Steps can be taken to  improve menstrual hygiene conditions in Indian prisons:

    • Ensure Adequate Water Supply and Hygiene Facilities: Ensure that each inmate has access to clean water and basic facilities to maintain good hygiene practices by providing warm water and soap for better hygiene practices.
    • Provision of Quality Sanitary Pads: Ensure that prison authorities provide quality and sufficient sanitary pads to women prisoners.  Provide sanitary pads free of cost to prisoners, recognising the importance of dignity and hygiene during menstruation.
    • Safe Disposal of Used Pads: Ensure that prison infrastructure is designed to facilitate the safe disposal of used sanitary pads. Provide regular prison visits by female doctors to ensure proper disposal and address any health concerns.
    • Awareness and Education: Conduct awareness camps and capacity-building sessions with prison staff to educate them about menstrual hygiene and the importance of maintaining good practices. Organise regular awareness camps for women prisoners to educate them about menstrual health, hygiene, and disposal methods.
    • Reproductive Health Support: Ensure that prison authorities provide reproductive health support to women prisoners, including access to medical care and counselling.
    • Setting Up of Menstrual Product Enterprises: Consider setting up menstrual product enterprises within prisons to provide a livelihood option for prisoners and promote menstrual hygiene.
    • Prison Infrastructure Upgrades: Upgrade prison infrastructure to ensure privacy and dignity for menstruating prisoners, including separate facilities for women and adequate dustbins for sanitary napkin disposal.
    • Training for Prison Staff: Provide training to prison staff on gender-specific needs and menstrual hygiene management to ensure that they are equipped to support women prisoners effectively.
    • Monitoring and Evaluation: Regularly evaluate and monitor the effectiveness of these measures to ensure that menstrual hygiene conditions continue to improve and that women prisoners receive the necessary support and care.

Government Initiatives:

  • Model Prison Manual 2016: This manual recommends that “sterilised sanitary pads should be issued to women prisoners as per their requirements.” However, the manual does not provide detailed guidelines on the provision of sanitary pads, water supply, and disposal facilities.
  • Pradhan Mantri Bhartiya Janaushadhi Pariyojana: This scheme ensures that menstruating women have affordable sanitary napkins, but it does not specifically address menstrual hygiene management in prisons.
  • Commonwealth Human Rights Initiative (CHRI): CHRI has conducted studies and awareness campaigns to highlight the need for proper prison menstrual hygiene management.

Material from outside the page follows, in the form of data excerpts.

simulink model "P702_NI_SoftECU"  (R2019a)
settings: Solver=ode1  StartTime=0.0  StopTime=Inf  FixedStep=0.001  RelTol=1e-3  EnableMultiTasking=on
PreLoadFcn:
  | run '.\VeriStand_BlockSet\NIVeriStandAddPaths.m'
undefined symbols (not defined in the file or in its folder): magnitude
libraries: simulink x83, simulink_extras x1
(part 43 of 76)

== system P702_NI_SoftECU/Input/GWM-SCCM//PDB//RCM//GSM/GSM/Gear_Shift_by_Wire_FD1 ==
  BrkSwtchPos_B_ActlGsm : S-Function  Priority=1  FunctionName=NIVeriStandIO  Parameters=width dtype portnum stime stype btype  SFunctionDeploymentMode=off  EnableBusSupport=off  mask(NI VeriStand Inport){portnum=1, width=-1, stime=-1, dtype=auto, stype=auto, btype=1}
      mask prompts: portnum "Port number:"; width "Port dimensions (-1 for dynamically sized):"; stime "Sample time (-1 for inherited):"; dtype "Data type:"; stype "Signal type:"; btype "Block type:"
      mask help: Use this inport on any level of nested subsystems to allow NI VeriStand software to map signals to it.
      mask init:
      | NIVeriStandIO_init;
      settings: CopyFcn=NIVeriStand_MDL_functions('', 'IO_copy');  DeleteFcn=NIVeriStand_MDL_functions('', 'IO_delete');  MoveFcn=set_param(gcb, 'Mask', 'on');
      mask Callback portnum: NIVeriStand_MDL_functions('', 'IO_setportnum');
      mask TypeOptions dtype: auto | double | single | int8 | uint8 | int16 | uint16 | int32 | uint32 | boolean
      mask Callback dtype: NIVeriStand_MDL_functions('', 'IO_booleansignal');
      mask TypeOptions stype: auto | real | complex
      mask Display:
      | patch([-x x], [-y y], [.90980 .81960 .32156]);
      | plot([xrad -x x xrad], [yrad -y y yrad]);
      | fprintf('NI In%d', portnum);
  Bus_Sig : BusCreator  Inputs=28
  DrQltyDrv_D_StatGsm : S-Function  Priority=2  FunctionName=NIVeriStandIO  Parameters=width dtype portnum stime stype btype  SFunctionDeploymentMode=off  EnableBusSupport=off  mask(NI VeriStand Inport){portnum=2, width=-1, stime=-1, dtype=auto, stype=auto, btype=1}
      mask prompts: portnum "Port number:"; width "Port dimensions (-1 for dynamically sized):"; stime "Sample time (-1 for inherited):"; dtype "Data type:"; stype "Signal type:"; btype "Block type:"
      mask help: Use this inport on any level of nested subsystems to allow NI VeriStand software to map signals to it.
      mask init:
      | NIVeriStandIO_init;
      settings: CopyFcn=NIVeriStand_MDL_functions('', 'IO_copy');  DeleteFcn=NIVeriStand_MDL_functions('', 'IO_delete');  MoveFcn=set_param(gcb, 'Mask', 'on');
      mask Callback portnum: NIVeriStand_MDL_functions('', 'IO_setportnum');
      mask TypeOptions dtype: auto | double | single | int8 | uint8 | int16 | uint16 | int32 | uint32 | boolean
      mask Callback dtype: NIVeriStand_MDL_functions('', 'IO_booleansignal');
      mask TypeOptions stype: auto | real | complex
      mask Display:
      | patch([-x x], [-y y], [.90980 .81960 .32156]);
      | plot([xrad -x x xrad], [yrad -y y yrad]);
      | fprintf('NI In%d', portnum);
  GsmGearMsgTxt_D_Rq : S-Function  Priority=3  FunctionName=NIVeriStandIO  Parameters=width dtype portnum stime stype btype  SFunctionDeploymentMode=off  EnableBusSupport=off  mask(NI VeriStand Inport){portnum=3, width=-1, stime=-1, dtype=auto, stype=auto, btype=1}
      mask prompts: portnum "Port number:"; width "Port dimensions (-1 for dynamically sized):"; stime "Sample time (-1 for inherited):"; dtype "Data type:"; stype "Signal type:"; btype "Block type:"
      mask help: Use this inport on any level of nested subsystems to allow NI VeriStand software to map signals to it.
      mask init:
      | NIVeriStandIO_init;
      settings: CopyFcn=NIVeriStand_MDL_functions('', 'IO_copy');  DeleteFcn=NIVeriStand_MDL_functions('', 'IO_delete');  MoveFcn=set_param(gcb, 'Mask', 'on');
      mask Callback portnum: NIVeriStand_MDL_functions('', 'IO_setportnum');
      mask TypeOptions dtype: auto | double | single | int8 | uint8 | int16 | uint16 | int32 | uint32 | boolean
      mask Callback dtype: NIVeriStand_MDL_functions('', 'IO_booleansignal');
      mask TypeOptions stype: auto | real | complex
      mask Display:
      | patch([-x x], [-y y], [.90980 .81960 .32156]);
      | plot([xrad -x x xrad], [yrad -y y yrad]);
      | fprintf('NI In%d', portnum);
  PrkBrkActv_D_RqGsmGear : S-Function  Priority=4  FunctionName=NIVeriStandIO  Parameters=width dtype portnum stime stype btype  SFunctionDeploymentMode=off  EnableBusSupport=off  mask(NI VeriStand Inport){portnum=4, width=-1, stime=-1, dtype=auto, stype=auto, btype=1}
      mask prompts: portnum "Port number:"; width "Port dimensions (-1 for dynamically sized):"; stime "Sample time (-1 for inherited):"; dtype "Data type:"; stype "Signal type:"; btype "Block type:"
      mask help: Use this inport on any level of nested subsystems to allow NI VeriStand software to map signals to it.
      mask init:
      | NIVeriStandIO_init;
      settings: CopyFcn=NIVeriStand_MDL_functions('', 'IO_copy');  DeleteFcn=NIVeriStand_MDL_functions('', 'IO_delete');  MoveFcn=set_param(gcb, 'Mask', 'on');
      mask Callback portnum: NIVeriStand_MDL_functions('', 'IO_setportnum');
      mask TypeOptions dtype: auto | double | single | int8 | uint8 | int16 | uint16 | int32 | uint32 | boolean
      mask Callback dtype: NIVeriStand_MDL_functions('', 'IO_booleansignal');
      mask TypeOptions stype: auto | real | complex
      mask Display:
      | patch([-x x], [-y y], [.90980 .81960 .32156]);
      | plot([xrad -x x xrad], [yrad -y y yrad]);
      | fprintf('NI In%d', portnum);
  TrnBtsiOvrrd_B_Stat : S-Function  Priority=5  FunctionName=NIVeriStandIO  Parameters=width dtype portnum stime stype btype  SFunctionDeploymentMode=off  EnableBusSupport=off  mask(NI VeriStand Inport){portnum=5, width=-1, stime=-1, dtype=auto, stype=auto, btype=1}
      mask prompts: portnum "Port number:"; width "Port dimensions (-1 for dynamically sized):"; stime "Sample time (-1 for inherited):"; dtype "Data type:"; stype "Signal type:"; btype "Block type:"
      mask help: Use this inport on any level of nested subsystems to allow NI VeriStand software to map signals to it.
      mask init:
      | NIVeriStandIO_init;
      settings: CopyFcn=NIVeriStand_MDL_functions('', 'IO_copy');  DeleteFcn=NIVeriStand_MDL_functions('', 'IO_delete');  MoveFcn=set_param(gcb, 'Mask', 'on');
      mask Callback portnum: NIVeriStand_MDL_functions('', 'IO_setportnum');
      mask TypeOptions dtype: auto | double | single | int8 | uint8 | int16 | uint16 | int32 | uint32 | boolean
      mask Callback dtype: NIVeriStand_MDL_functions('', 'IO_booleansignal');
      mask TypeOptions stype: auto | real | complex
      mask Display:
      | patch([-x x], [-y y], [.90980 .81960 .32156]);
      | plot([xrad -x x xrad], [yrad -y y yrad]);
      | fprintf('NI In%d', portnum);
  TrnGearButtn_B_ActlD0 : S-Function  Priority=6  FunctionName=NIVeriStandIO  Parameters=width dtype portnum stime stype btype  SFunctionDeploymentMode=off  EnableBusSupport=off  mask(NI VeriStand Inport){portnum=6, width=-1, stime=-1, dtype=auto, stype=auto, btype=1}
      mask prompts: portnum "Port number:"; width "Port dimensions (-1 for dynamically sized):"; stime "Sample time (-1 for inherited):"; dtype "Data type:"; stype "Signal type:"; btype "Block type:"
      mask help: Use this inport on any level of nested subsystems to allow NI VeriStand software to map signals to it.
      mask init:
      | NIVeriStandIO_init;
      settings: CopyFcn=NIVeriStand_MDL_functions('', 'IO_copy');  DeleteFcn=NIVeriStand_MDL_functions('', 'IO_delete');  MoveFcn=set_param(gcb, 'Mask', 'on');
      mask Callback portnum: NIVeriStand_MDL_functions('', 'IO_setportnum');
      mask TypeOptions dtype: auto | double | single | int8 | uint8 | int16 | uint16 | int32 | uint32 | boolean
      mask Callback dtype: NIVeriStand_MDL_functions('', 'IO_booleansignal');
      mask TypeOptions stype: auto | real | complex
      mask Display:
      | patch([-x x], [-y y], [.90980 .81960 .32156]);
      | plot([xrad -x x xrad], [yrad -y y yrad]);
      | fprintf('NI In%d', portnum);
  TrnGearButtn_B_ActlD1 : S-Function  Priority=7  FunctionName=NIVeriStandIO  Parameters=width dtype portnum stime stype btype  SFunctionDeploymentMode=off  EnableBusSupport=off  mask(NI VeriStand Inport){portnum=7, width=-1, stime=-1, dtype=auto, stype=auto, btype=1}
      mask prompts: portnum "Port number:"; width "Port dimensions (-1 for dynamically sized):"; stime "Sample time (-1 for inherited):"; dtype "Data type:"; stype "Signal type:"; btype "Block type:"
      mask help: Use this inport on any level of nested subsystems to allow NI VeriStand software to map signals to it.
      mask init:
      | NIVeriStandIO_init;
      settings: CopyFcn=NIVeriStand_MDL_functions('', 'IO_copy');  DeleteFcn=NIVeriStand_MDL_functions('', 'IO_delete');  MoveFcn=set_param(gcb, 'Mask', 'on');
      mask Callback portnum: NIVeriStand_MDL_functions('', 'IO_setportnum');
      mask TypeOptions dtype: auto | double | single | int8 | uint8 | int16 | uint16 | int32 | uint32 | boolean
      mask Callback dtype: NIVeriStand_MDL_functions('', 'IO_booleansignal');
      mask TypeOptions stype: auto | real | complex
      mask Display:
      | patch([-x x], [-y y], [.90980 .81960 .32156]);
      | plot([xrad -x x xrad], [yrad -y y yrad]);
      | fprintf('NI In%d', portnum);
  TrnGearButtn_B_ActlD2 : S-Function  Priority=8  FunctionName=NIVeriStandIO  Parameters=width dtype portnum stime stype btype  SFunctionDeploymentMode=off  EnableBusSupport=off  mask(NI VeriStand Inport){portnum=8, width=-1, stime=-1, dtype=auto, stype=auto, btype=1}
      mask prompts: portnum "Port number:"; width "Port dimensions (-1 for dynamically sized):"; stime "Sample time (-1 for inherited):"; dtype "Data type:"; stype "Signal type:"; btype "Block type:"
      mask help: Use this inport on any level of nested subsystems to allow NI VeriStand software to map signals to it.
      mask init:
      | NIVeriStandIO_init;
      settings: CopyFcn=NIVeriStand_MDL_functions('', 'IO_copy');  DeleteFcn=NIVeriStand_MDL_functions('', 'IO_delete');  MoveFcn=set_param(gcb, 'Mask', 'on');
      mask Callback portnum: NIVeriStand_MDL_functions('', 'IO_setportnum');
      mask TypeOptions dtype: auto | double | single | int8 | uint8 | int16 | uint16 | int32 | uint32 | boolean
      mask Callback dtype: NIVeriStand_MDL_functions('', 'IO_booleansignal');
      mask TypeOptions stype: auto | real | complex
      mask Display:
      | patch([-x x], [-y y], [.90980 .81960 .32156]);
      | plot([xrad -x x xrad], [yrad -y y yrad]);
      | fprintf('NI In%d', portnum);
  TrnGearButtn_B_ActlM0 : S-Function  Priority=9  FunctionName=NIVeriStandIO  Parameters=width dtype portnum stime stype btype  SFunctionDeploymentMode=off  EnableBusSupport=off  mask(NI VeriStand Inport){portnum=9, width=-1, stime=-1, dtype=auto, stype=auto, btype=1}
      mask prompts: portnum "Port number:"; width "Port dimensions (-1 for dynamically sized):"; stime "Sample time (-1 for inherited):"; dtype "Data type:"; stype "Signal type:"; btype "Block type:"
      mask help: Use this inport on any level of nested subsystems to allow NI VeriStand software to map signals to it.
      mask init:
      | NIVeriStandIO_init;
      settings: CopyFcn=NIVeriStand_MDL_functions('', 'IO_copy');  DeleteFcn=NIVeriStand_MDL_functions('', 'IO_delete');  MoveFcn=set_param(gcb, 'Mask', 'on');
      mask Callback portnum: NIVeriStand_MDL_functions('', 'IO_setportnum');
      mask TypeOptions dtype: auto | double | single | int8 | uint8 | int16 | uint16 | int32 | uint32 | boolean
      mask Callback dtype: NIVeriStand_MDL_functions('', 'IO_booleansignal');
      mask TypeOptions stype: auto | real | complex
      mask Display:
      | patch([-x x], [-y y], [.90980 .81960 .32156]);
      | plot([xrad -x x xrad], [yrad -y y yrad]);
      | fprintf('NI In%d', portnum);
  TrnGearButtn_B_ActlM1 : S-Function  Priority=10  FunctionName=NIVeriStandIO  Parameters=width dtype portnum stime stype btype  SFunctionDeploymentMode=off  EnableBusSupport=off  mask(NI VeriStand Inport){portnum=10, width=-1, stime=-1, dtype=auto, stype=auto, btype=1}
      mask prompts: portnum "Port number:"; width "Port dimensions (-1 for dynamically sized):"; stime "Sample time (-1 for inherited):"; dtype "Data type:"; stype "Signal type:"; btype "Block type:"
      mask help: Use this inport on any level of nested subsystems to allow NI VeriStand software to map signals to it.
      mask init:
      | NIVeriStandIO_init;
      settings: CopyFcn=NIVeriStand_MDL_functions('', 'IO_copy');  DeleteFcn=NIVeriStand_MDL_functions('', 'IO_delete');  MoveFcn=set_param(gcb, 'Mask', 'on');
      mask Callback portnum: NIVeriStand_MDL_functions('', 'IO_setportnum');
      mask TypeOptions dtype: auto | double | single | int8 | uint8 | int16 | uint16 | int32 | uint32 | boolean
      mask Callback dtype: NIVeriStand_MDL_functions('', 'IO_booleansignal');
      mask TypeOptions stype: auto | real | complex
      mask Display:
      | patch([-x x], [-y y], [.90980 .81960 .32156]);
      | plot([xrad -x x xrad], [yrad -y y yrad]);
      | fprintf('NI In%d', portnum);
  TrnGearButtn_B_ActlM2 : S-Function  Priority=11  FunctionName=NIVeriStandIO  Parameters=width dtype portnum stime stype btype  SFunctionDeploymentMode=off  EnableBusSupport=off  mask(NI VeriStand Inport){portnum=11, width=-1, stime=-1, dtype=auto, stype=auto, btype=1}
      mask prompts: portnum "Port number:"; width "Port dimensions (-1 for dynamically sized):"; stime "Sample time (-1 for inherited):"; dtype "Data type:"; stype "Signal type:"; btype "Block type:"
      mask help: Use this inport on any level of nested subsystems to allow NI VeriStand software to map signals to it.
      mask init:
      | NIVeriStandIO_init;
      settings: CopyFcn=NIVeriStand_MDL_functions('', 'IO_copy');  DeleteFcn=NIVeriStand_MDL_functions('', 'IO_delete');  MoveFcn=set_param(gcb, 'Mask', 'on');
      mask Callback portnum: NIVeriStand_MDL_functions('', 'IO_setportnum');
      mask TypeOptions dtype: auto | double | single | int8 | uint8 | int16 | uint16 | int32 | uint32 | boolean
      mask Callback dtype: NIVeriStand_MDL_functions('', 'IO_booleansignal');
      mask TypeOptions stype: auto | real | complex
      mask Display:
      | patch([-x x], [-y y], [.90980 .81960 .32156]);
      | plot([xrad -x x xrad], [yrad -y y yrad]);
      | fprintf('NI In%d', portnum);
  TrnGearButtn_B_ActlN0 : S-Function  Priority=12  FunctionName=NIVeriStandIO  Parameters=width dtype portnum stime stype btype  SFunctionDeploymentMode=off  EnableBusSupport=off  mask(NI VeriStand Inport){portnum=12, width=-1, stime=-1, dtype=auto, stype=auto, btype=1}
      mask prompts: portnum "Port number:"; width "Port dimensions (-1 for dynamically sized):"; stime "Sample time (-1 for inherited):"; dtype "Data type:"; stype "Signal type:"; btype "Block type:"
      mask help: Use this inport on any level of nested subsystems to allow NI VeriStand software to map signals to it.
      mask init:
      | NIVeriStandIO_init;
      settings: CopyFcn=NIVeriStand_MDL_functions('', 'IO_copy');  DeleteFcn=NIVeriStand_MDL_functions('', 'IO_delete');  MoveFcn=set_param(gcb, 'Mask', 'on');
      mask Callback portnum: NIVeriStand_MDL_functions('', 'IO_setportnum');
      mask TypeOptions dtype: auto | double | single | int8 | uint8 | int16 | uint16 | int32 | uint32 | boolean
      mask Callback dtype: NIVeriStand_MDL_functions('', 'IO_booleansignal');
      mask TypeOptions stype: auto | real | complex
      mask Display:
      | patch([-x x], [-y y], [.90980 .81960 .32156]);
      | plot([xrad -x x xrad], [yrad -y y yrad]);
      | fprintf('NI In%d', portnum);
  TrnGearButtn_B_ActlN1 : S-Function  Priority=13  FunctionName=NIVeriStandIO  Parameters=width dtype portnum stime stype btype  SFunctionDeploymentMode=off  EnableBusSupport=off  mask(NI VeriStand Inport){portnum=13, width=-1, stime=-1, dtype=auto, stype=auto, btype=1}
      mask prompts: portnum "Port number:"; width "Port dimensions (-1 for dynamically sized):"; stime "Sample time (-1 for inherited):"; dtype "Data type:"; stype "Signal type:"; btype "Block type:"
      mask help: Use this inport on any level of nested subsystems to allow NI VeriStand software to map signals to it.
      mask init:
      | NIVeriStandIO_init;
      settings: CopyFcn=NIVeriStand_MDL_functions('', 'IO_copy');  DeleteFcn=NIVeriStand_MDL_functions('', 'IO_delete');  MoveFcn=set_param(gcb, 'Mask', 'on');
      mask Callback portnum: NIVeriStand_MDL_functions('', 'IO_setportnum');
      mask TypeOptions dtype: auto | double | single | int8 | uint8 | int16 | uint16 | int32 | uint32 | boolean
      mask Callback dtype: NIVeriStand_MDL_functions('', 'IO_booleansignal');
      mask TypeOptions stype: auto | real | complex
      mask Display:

They have also collaborated with organisations like Boondh to develop recommendations for menstrual health management in Indian prisons.
  • Prison Statistics India (PSI): The PSI reports provide data on the number of women prisoners and their demographics. These statistics highlight the need for targeted initiatives and policies to meet the needs of women prisoners.
  • Policy Recommendations: CHRI has developed policy recommendations for menstrual health management in Indian prisons, emphasising access to clean water, basic facilities, quality sanitary pads, proper disposal mechanisms, and regular medical visits. These recommendations aim to improve menstrual hygiene management and the overall health of women prisoners.


Download Yojna daily current affairs eng med 28th May 2024


Prelims based Question

Q. Consider the following two statements related to Menstrual hygiene:

  1. Every year, 28th May is celebrated as the Menstrual Hygiene Day.
  2. In India, Three days of paid menstrual leave for women is mandatory.

Which of the above statement/s is/are correct?

  1. 1 only
  2. 2 only
  3. Both 1 and 2
  4. Neither 1 nor 2


Answer: A

Mains based Question

  1. Q. In India, the focus on Menstrual hygiene is limited to gender, ignoring the particular section, especially Dalit, rural and prisoner women. Comment.